Second, if you dont want to store the merkle root for each epoch, attaching the old merkle root as leaf in the next one tree is not a good idea, because then the proofs grow linearly. Suppose I want to prove a UTXO from Epoch 1 when it is Epoch 100 now. Then I need the proof of inclusion into the first epoch. Then I need the proof of inclusion of the 1st epoch in the second epoch. Then the third in the 4th etc. This means that my proof would be as long as the sum of the depth of all the merkle trees of all the epochs. Each epoch I think will have depth between 10 and 30, so this is between 1000-3000 hashes! This is way to long.

Instead, it makes sense to me to build the all the merkle roots into a new merkle tree. If the number of epochs is not a power of 2, you will need to save more than 1 hash, in order to construct the merkle tree including the epoch, but thats ok.
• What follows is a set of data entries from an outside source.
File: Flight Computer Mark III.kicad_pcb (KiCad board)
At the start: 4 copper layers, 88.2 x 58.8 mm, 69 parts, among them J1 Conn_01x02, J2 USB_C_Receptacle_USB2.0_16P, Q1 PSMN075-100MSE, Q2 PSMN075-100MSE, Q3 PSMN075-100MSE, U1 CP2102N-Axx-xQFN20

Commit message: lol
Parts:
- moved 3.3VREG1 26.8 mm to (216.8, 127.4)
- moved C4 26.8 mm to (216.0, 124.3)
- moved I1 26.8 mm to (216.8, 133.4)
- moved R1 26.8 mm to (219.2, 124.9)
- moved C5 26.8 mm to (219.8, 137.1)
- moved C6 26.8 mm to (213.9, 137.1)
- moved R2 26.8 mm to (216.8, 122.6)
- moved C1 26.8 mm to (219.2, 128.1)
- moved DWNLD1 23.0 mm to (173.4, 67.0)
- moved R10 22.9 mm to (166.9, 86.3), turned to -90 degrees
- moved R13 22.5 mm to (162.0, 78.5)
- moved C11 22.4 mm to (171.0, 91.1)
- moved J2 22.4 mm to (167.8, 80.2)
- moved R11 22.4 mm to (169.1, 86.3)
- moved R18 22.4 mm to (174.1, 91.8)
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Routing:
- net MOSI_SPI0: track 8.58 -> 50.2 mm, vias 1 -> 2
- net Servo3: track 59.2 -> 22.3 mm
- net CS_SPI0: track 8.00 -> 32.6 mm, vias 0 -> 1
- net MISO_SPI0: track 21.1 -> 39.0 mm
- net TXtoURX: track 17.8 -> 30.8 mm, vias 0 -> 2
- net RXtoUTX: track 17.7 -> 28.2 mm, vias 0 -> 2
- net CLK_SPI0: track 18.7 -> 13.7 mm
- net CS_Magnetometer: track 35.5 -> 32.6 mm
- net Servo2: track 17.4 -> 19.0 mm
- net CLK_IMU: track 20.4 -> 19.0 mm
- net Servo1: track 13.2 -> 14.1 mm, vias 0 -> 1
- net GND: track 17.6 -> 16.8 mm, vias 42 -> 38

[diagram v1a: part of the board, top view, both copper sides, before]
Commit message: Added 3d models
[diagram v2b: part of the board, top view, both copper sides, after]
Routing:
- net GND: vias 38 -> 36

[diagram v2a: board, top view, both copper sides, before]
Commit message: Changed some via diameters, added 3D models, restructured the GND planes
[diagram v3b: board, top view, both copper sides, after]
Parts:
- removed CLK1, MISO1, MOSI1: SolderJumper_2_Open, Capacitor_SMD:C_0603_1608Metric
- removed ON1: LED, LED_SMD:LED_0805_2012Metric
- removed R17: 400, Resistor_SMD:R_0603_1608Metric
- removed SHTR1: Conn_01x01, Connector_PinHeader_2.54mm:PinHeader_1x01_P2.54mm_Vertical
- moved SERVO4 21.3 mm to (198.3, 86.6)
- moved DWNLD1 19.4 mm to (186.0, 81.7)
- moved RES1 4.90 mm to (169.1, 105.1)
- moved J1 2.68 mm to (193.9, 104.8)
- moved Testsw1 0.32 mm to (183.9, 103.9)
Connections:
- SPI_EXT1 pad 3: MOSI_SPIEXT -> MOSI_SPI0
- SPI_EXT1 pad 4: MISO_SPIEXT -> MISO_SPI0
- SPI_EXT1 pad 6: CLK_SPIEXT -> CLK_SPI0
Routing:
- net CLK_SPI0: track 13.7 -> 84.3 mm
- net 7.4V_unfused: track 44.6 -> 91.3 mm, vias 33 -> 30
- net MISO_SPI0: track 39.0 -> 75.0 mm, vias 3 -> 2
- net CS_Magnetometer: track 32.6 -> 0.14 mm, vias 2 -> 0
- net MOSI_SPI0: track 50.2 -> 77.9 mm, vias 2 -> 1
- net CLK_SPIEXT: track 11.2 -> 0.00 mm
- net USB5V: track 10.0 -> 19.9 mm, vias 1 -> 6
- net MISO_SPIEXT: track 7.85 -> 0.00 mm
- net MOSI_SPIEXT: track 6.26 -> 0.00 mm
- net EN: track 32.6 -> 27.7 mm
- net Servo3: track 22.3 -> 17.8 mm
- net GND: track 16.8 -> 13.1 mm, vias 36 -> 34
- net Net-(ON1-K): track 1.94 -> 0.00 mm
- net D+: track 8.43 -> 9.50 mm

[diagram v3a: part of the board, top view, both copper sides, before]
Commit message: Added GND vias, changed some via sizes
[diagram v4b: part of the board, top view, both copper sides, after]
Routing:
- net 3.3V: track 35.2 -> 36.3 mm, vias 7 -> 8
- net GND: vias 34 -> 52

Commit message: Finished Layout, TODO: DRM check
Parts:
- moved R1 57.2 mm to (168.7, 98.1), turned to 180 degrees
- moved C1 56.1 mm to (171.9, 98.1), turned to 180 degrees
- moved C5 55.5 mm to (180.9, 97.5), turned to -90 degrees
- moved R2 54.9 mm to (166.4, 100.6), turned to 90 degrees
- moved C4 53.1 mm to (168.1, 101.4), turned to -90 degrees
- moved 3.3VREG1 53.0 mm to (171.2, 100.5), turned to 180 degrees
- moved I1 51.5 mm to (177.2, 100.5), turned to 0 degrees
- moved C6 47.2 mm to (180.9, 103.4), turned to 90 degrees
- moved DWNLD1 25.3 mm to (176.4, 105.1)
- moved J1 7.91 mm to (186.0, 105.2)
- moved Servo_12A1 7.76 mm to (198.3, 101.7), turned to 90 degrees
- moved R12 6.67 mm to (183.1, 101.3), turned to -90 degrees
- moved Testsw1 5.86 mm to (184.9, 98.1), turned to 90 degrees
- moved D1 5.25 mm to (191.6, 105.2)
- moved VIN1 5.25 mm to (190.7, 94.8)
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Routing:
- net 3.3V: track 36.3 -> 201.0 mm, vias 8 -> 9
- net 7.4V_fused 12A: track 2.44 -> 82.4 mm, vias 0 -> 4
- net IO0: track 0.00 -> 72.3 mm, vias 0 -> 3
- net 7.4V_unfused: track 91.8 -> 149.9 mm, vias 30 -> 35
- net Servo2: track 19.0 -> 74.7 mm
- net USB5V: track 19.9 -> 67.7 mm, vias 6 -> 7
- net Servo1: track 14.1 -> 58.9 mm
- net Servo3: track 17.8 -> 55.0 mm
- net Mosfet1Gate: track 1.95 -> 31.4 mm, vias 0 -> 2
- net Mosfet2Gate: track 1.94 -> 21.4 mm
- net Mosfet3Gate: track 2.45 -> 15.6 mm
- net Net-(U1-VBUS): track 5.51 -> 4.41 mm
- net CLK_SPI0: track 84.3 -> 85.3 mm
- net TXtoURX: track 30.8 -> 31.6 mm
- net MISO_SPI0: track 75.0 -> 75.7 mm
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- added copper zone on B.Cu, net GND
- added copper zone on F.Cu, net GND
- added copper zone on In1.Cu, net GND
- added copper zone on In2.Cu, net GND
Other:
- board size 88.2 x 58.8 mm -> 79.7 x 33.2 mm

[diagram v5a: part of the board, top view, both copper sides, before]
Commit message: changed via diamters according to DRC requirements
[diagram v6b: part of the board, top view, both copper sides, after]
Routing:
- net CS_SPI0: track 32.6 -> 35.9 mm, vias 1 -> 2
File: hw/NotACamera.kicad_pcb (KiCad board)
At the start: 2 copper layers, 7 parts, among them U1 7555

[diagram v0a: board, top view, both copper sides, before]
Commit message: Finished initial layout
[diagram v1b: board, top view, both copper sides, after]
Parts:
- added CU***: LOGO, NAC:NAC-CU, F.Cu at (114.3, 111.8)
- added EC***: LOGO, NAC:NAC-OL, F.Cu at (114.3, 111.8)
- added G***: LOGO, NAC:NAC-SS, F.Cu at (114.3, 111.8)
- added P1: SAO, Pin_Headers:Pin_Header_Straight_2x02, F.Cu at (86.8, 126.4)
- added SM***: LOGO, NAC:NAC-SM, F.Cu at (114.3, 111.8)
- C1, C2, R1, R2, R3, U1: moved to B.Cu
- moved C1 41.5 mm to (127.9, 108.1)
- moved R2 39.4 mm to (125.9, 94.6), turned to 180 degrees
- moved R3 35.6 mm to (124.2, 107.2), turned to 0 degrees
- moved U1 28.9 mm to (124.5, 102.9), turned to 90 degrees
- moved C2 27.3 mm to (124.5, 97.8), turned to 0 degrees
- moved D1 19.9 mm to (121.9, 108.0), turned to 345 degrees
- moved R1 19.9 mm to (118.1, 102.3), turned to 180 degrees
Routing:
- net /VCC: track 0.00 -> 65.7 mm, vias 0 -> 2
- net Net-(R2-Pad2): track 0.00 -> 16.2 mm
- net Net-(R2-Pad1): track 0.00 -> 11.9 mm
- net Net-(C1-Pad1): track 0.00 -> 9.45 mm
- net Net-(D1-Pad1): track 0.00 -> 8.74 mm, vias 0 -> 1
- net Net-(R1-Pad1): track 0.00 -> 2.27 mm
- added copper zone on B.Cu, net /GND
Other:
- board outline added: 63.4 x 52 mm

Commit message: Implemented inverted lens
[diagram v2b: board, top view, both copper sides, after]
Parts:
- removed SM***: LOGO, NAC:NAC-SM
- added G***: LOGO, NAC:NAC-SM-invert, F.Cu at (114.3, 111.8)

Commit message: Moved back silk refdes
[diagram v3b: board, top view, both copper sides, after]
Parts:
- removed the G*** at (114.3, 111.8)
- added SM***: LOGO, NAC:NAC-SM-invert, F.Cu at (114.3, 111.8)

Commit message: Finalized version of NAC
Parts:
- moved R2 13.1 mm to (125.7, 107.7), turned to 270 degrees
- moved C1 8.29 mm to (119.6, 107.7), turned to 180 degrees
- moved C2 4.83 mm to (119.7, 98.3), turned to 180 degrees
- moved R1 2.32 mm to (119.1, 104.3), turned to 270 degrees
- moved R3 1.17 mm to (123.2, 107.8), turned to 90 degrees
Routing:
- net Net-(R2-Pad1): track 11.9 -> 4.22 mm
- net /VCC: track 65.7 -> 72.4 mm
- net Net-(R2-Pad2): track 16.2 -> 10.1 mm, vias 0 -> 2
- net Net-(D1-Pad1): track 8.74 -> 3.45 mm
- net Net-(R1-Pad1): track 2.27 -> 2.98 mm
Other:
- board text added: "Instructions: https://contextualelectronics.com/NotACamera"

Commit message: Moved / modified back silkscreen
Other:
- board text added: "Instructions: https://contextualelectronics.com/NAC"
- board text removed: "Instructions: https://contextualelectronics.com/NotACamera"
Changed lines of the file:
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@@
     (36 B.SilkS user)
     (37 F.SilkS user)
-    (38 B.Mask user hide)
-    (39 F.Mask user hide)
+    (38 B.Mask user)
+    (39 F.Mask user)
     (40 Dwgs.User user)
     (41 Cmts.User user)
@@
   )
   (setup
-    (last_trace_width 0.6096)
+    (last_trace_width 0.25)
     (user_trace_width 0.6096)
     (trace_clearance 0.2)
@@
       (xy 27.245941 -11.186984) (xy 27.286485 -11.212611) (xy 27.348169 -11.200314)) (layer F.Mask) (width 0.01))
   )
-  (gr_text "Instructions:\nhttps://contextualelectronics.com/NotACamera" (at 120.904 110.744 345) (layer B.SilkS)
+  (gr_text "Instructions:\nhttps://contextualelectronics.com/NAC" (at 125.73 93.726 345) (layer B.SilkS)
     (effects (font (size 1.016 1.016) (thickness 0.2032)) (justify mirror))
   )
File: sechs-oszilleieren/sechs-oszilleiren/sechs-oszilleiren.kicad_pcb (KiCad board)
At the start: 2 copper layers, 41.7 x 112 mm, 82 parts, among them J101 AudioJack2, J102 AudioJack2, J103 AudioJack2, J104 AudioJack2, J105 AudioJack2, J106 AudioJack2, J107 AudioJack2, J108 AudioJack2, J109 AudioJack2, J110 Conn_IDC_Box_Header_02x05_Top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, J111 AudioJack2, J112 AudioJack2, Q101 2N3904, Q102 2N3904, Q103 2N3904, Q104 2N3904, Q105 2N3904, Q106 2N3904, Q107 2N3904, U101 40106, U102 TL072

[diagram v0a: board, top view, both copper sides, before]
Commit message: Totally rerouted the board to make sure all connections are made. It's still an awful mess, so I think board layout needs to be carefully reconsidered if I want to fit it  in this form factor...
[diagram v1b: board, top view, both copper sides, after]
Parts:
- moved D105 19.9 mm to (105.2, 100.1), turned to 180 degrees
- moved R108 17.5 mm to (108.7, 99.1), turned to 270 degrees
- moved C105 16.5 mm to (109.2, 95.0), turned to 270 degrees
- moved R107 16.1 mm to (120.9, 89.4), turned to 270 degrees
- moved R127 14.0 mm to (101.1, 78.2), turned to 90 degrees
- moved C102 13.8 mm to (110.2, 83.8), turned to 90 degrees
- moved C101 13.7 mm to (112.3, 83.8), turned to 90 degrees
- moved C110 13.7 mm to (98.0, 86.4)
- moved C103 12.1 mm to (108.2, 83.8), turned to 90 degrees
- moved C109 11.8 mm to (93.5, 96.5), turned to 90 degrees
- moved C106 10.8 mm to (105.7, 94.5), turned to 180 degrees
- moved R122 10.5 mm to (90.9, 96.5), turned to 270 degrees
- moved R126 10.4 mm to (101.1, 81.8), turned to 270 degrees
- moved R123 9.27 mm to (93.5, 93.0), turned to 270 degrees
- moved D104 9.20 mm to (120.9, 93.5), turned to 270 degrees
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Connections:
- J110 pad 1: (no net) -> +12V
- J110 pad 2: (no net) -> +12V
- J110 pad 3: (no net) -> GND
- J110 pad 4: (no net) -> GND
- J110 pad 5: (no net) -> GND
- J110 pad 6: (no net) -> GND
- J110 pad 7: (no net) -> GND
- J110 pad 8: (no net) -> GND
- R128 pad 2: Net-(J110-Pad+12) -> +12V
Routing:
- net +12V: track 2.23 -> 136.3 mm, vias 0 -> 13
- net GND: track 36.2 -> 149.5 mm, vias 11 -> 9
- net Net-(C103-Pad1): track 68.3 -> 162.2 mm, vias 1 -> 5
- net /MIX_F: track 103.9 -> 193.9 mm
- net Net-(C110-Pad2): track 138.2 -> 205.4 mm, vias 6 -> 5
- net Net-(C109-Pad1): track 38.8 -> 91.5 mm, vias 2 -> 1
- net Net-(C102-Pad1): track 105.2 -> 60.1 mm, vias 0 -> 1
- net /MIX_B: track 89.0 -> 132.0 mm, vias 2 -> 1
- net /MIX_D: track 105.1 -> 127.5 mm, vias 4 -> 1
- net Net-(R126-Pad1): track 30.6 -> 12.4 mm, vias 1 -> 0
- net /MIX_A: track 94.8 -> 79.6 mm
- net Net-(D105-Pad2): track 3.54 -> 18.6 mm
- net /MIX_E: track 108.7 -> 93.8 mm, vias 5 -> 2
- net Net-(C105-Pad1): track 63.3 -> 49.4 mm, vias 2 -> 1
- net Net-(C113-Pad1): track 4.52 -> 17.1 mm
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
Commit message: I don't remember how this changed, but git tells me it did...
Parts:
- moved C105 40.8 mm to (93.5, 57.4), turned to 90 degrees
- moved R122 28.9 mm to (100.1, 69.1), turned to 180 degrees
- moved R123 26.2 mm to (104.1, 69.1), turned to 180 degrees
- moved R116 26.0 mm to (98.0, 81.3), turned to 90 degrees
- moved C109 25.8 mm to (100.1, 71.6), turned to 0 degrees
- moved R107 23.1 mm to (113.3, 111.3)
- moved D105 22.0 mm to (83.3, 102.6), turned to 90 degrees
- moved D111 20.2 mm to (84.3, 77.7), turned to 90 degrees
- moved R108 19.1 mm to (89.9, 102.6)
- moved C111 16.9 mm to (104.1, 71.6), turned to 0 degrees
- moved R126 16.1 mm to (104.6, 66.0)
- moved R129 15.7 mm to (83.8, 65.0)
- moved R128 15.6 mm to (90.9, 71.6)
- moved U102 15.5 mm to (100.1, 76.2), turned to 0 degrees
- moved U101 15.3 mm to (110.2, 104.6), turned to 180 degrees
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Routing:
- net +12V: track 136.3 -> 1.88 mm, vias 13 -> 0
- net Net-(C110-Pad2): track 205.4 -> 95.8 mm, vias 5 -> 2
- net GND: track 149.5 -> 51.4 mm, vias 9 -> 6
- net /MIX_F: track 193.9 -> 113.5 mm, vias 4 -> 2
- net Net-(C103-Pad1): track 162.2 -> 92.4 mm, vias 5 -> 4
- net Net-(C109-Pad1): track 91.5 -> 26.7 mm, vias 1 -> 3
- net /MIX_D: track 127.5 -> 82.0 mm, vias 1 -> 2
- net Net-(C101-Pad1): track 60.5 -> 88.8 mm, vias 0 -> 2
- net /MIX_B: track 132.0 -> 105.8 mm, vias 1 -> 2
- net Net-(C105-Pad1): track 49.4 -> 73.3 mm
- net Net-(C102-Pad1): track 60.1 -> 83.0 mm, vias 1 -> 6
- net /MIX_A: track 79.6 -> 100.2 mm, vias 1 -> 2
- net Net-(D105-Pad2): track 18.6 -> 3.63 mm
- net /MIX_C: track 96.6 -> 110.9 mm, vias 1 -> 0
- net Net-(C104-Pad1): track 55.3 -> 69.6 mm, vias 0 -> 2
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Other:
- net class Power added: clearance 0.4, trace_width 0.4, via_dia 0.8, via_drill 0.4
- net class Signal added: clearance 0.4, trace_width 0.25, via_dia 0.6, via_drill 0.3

Oh also, its not official were adopting this, but I am advocating it :slight_smile:

Including the previous epoch doesn’t need to be linear and can easily be log(n-epoch) by also including epoch mod 10, 100, 1000, 10000, 100000 etc.(or some other factor) This keeps the proofs from growing endlessly but you maintain a hard hashchain (this is essentially what I do with AION’s timewarping). You can proof(hash based) existence of any (non-value) data this way. By just providing a path of transactions to 1 TX that ever contained dust and then the historical proof becomes log(n-epoch).

If all nodes will keep the epoch chain you will only need to generate your generate your proof just once. Selective permanodes might not even be needed then.